The four situational factors that could affect a patient’s responses to the mental status examination but have nothing to do with mental disorders
According to the author, “ethnicity, gender, age, and socioeconomic” status are the situational factors that have to be considered (Ringwalt, 2008, p. 8). Some of the researchers point out that geography (e.g. rural or urban areas) can also influence the responses (Ringwalt, 2008, p. 7).

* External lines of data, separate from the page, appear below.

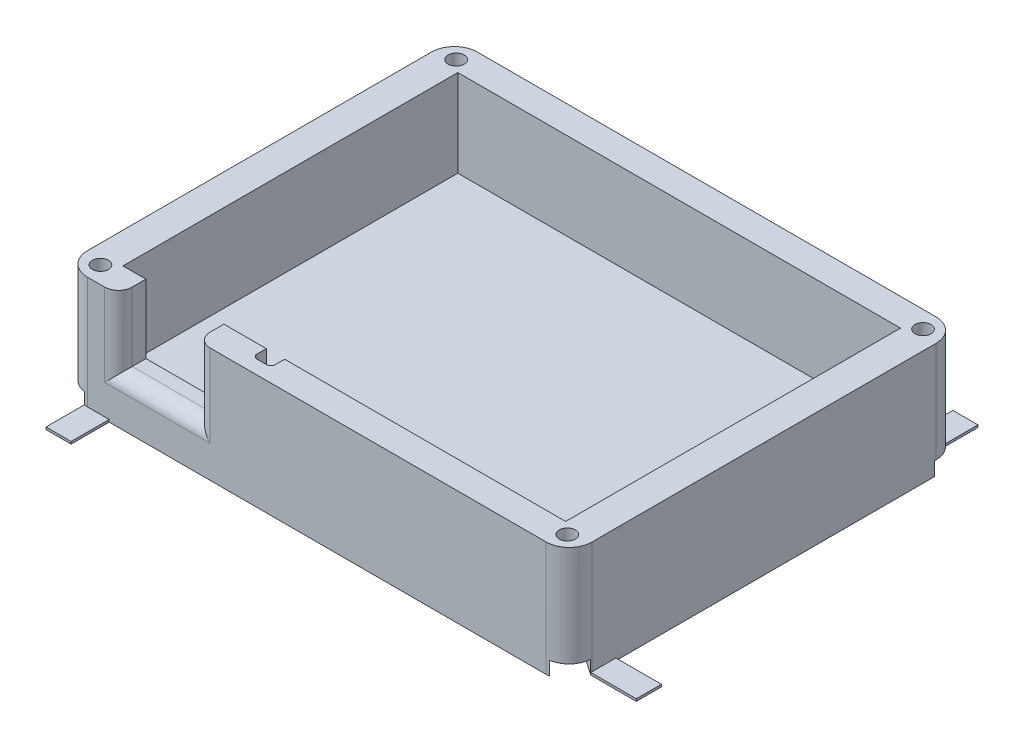
SolidWorks part; units mm, degrees
ref_plane "Front Plane" through (0, 0, 0) normal (0, 0, 1) x (1, 0, 0)
ref_plane "Top Plane" through (0, 0, 0) normal (0, 1, 0) x (1, 0, 0)
ref_plane "Right Plane" through (0, 0, 0) normal (1, 0, 0) x (0, 0, -1)
sketch "Sketch1" plane through (0, 0, 0) normal (0, 1, 0) x (1, 0, 0)
  line L1 (-55, 42.5) -> (55, 42.5)
  line L2 (-55, 42.5) -> (-55, -42.5)
  line L3 (-55, -42.5) -> (55, -42.5)
  line L4 (55, 42.5) -> (55, -42.5)
  line L5 (-55, 42.5) -> (55, -42.5) construction
  line L6 (-55, -42.5) -> (55, 42.5) construction
  point P0 (0, 0)
  dimension "D1" = 85
  dimension "D2" = 110
extrude "Base" add sketch "Sketch1" along normal blind 25
fillet "Fillet1" radius 5 4 edges at (-55, 12.5, -42.5) (55, 12.5, 42.5) (55, 12.5, -42.5) (-55, 12.5, 42.5)
sketch "Sketch2" plane through (0, 25, 0) normal (0, 1, 0) x (1, 0, 0)
  line L1 (-48.25, 36.5) -> (48.25, 36.5)
  line L2 (-48.25, 36.5) -> (-48.25, -36.5)
  line L3 (-48.25, -36.5) -> (48.25, -36.5)
  line L4 (48.25, 36.5) -> (48.25, -36.5)
  line L5 (-48.25, 36.5) -> (48.25, -36.5) construction
  line L6 (-48.25, -36.5) -> (48.25, 36.5) construction
  point P0 (0, 0)
  dimension "D1" = 73
  dimension "D2" = 96.5
extrude "Basket" cut sketch "Sketch2" against normal blind 19
sketch "Sketch3" plane through (0, 25, 0) normal (0, 1, 0) x (1, 0, 0)
  line L0 (-55, -12.0792) -> (-15, -12.0792) construction
  line L1 (-55, 37.5) -> (-55, -37.5) construction
  line L2 (-15, -12.0792) -> (-15, -36.5) construction
  line L3 (-48.25, -36.5) -> (48.25, -36.5) construction
  line L4 (-48.25, 36.5) -> (-48.25, -36.5) construction
  line L5 (-17, -33.5) -> (-13, -33.5)
  line L6 (-17, -33.5) -> (-17, -39.5)
  line L7 (-17, -39.5) -> (-13, -39.5)
  line L8 (-13, -33.5) -> (-13, -39.5)
  line L9 (-17, -33.5) -> (-13, -39.5) construction
  line L10 (-17, -39.5) -> (-13, -33.5) construction
  dimension "D2" = 4
  dimension "D3" = 6
  dimension "D4" = 33.25
extrude "Wire Channel" cut sketch "Sketch3" against normal up to surface (19 mm away) up to face at (0, 6, 0)
fillet "Wire Channel Rounding" radius 1 2 edges at (-13, 15.5, 39.5) (-17, 15.5, 39.5)
ref_plane "Battery Pack Left Side Wall" through (-48.25, 0, 0) normal (1, 0, 0) x (0, 0, -1)
sketch "Sketch5" plane through (0, 0, 42.5) normal (0, 0, 1) x (1, 0, 0)
  line L0 (-48.25, 25) -> (-43.25, 25) construction
  line L1 (-48.25, -9.9) -> (-48.25, 9.9) construction
  line L2 (-50, 25) -> (50, 25) construction
  line L5 (-43.25, 25) -> (-26.25, 25)
  line L6 (-43.25, 25) -> (-43.25, 10)
  line L7 (-43.25, 10) -> (-26.25, 10)
  line L8 (-26.25, 25) -> (-26.25, 10)
  dimension "D1" = 5
  dimension "D3" = 17
  dimension "D4" = 15
extrude "Switch Cut-out" cut sketch "Sketch5" against normal up to next
fillet "Switch Cut-out Rounding" radius 3 3 edges at (-43.25, 17.5, 42.5) (-34.75, 10, 42.5) (-26.25, 17.5, 42.5)
sketch "Sketch14" plane through (0, 25, 0) normal (0, 1, 0) x (1, 0, 0)
  line L0 (-53.5355, 41.0355) -> (-48.25, 36.5) construction
  line L1 (53.5355, 41.0355) -> (48.25, 36.5) construction
  line L2 (53.5355, -41.0355) -> (48.25, -36.5) construction
  line L3 (-53.5355, -41.0355) -> (-48.25, -36.5) construction
  arc A0 (-50, 42.5) -> (-55, 37.5) centre (-50, 37.5) ccw construction
  arc A1 (55, 37.5) -> (50, 42.5) centre (50, 37.5) ccw construction
  arc A2 (50, -42.5) -> (55, -37.5) centre (50, -37.5) ccw construction
  arc A3 (-55, -37.5) -> (-50, -42.5) centre (-50, -37.5) ccw construction
  circle A4 centre (-50.8928, 38.7678) radius 1.75
  circle A5 centre (50.8928, 38.7678) radius 1.75
  circle A6 centre (50.8928, -38.7678) radius 1.75
  circle A7 centre (-50.8928, -38.7678) radius 1.75
  dimension "D1" = 3.5
  dimension "D2" = 77.5355
  dimension "D3" = 101.7855
extrude "Corner Holes" cut sketch "Sketch14" against normal through all
sketch "Sketch15" plane through (0, 0, 0) normal (0, -1, 0) x (1, 0, 0)
  line L0 (-50.641, 42.3885) -> (-52.1783, 43.4161)
  line L1 (-47.6302, 40.3758) -> (-50.641, 42.3885)
  line L2 (50.596, 42.3929) -> (52.0915, 43.4278)
  line L3 (47.9017, 36.6981) -> (51.1896, 35.1426)
  line L4 (-54.1438, 37.152) -> (-51.1314, 35.1383)
  line L5 (-51.1314, 35.1383) -> (-47.8689, 36.7464)
  line L6 (-47.8689, 36.7464) -> (-47.6302, 40.3758)
  line L7 (-52.1783, 43.4161) -> (-55.727, 38.1074)
  line L8 (-55.727, 38.1074) -> (-54.1438, 37.152)
  line L9 (51.1896, 35.1426) -> (54.1807, 37.2122)
  line L10 (-50.5474, 42.4498) -> (-53.8646, 40.8148) [skipped]
  line L11 (-53.9089, 40.9079) -> (-54.1515, 37.2176) [skipped]
  line L12 (54.1678, -36.6991) -> (55.7428, -37.6084)
  line L13 (54.1678, -36.6991) -> (50.8928, -34.8083)
  line L14 (54.1807, 37.2122) -> (53.8839, 40.8374) construction
  line L15 (53.8839, 40.8374) -> (50.596, 42.3929) construction
  line L16 (50.596, 42.3929) -> (47.6049, 40.3233)
  line L17 (47.6049, 40.3233) -> (47.9017, 36.6981)
  line L18 (50.8928, -34.8083) -> (47.4638, -36.788)
  line L19 (52.0915, 43.4278) -> (55.6762, 38.247)
  line L20 (55.6762, 38.247) -> (54.1807, 37.2122)
  line L21 (47.4638, -36.788) -> (47.4638, -40.7475)
  line L22 (47.4638, -40.7475) -> (50.7388, -42.6383)
  line L23 (-53.9527, -36.8014) -> (-55.5692, -37.6348)
  line L24 (-53.9527, -36.8014) -> (-54.1257, -40.4346) construction
  line L25 (55.7428, -37.6084) -> (52.3138, -43.5477)
  line L26 (52.3138, -43.5477) -> (50.7388, -42.6383)
  line L27 (-54.1257, -40.4346) -> (-51.0657, -42.401) construction
  line L28 (54.3218, -39.981) -> (54.3218, -36.3437) [skipped]
  line L29 (51.5566, -42.344) -> (54.7066, -40.5253) [skipped]
  line L30 (-51.0657, -42.401) -> (-47.8328, -40.7341)
  line L31 (-47.8328, -40.7341) -> (-47.6599, -37.1009)
  line L32 (-47.6599, -37.1009) -> (-50.7198, -35.1346)
  line L33 (-50.7198, -35.1346) -> (-53.9527, -36.8014)
  line L34 (-55.5692, -37.6348) -> (-52.6822, -43.2344)
  line L35 (-52.6822, -43.2344) -> (-51.0657, -42.401)
  circle A0 centre (-50.8928, 38.7678) radius 3.15 construction
  circle A1 centre (50.8928, 38.7678) radius 3.15 construction
  circle A2 centre (50.8928, -38.7678) radius 3.429 construction
  circle A3 centre (-50.8928, -38.7678) radius 3.15 construction
  dimension "D1" = 6.3
  dimension "D2" = 6.3
  dimension "D3" = 6.3
extrude "Bottom Nut Cut-out" cut sketch "Sketch15" against normal blind 3
sketch "Sketch18" plane through (0, 0, 0) normal (0, -1, 0) x (1, 0, 0)
  line L0 (-50.7281, 42.4467) -> (-50.7281, 50.8043)
  line L1 (-50.7281, 50.8043) -> (-45.2548, 50.8043)
  line L2 (-45.2548, 50.8043) -> (-45.2548, 42.5)
  line L3 (-50, 42.5) -> (50, 42.5) construction
  line L4 (-45.2548, 42.5) -> (-50.7281, 42.4467)
  line L5 (54.9925, 37.7739) -> (64.9274, 37.7739)
  line L6 (64.9274, 37.7739) -> (64.9274, 32.3007)
  line L7 (64.9274, 32.3007) -> (55, 32.3007)
  line L8 (55, 37.5) -> (55, -37.1796) construction
  line L9 (55, 32.3007) -> (54.9925, 37.7739)
  line L10 (50.4621, -42.4786) -> (50.4621, -51.1818)
  line L11 (50.4621, -51.1818) -> (44.9888, -51.1818)
  line L12 (44.9888, -51.1818) -> (44.9888, -42.5)
  line L13 (50, -42.5) -> (-50, -42.5) construction
  line L14 (44.9888, -42.5) -> (50.4621, -42.4786)
  line L15 (-55, -37.3414) -> (-63.3043, -37.3414)
  line L16 (-63.3043, -37.3414) -> (-63.3043, -31.8681)
  line L17 (-63.3043, -31.8681) -> (-55, -31.8681)
  line L18 (-55, -37.3414) -> (-55, 37.5) construction
  line L19 (-55, -31.8681) -> (-55, -37.3414)
extrude "Printing Tie-downs" add sketch "Sketch18" against normal blind 0.5

Age-appropriate evaluation tools:
Infants/Children
- Child development inventories (CDI): the Infant Development Inventory (3-18 months);
- Ages and Stages Questionnaire (ASQ) – birth to 60 months;
- Child development inventories (CDI): the Early Child Development Inventory (18-36 months) and the Preschool Development Inventory (36-60 months);
- Kent Inventory of Developmental Skills – for infants up to 15 months;
- The Ounce Scale – birth through 42 months;
- Battelle Developmental Inventory Screening Test – 12-96 months;
- Bayley Infant Neurodevelopmental Screener – 3-24 months;
- The Screening Test of Developmental Disabilities – birth to 3 years;
- Brigance Screens – birth to approximately 90 months (Ringwalt, 2008);
- Denver Developmental Screening Test II (DDST-II) – 1 month to 6 years;
- Early Childhood Inventory-4 – 3 to five years;
- Early Screening Inventory-Revised (ESI-R) – 3-6 years;
- Infant-Toddler Developmental Assessment – Birth – 42 months.
Adolescents (+Young Adults)
- Pediatric Symptom Checklist – 4-16 years;
- Developmental Profile 3 (DP-3) – Birth to 12 years;
- ESP: Early Screening Profiles – 2-0 through 6-11 (Ringwalt, 2008);
- Carey Temperament Scales – 1 month – 12 years;
- Eyberg Child Behavior Inventory (ECBI) and the SutterEyberg Student Behavior Inventory – 2 – 16 years;
- Strengths and Difficulties Questionnaire (SDQ) – 3 – 16 years;
- Behavior Assessment System for Children, 2nd Edition (BASCII) – 2.0 – 21.11 years.
Reference
Ringwalt, S. (2008). Development screening and assessment instruments with an emphasis on social and emotional development for young children ages birth through five. Web.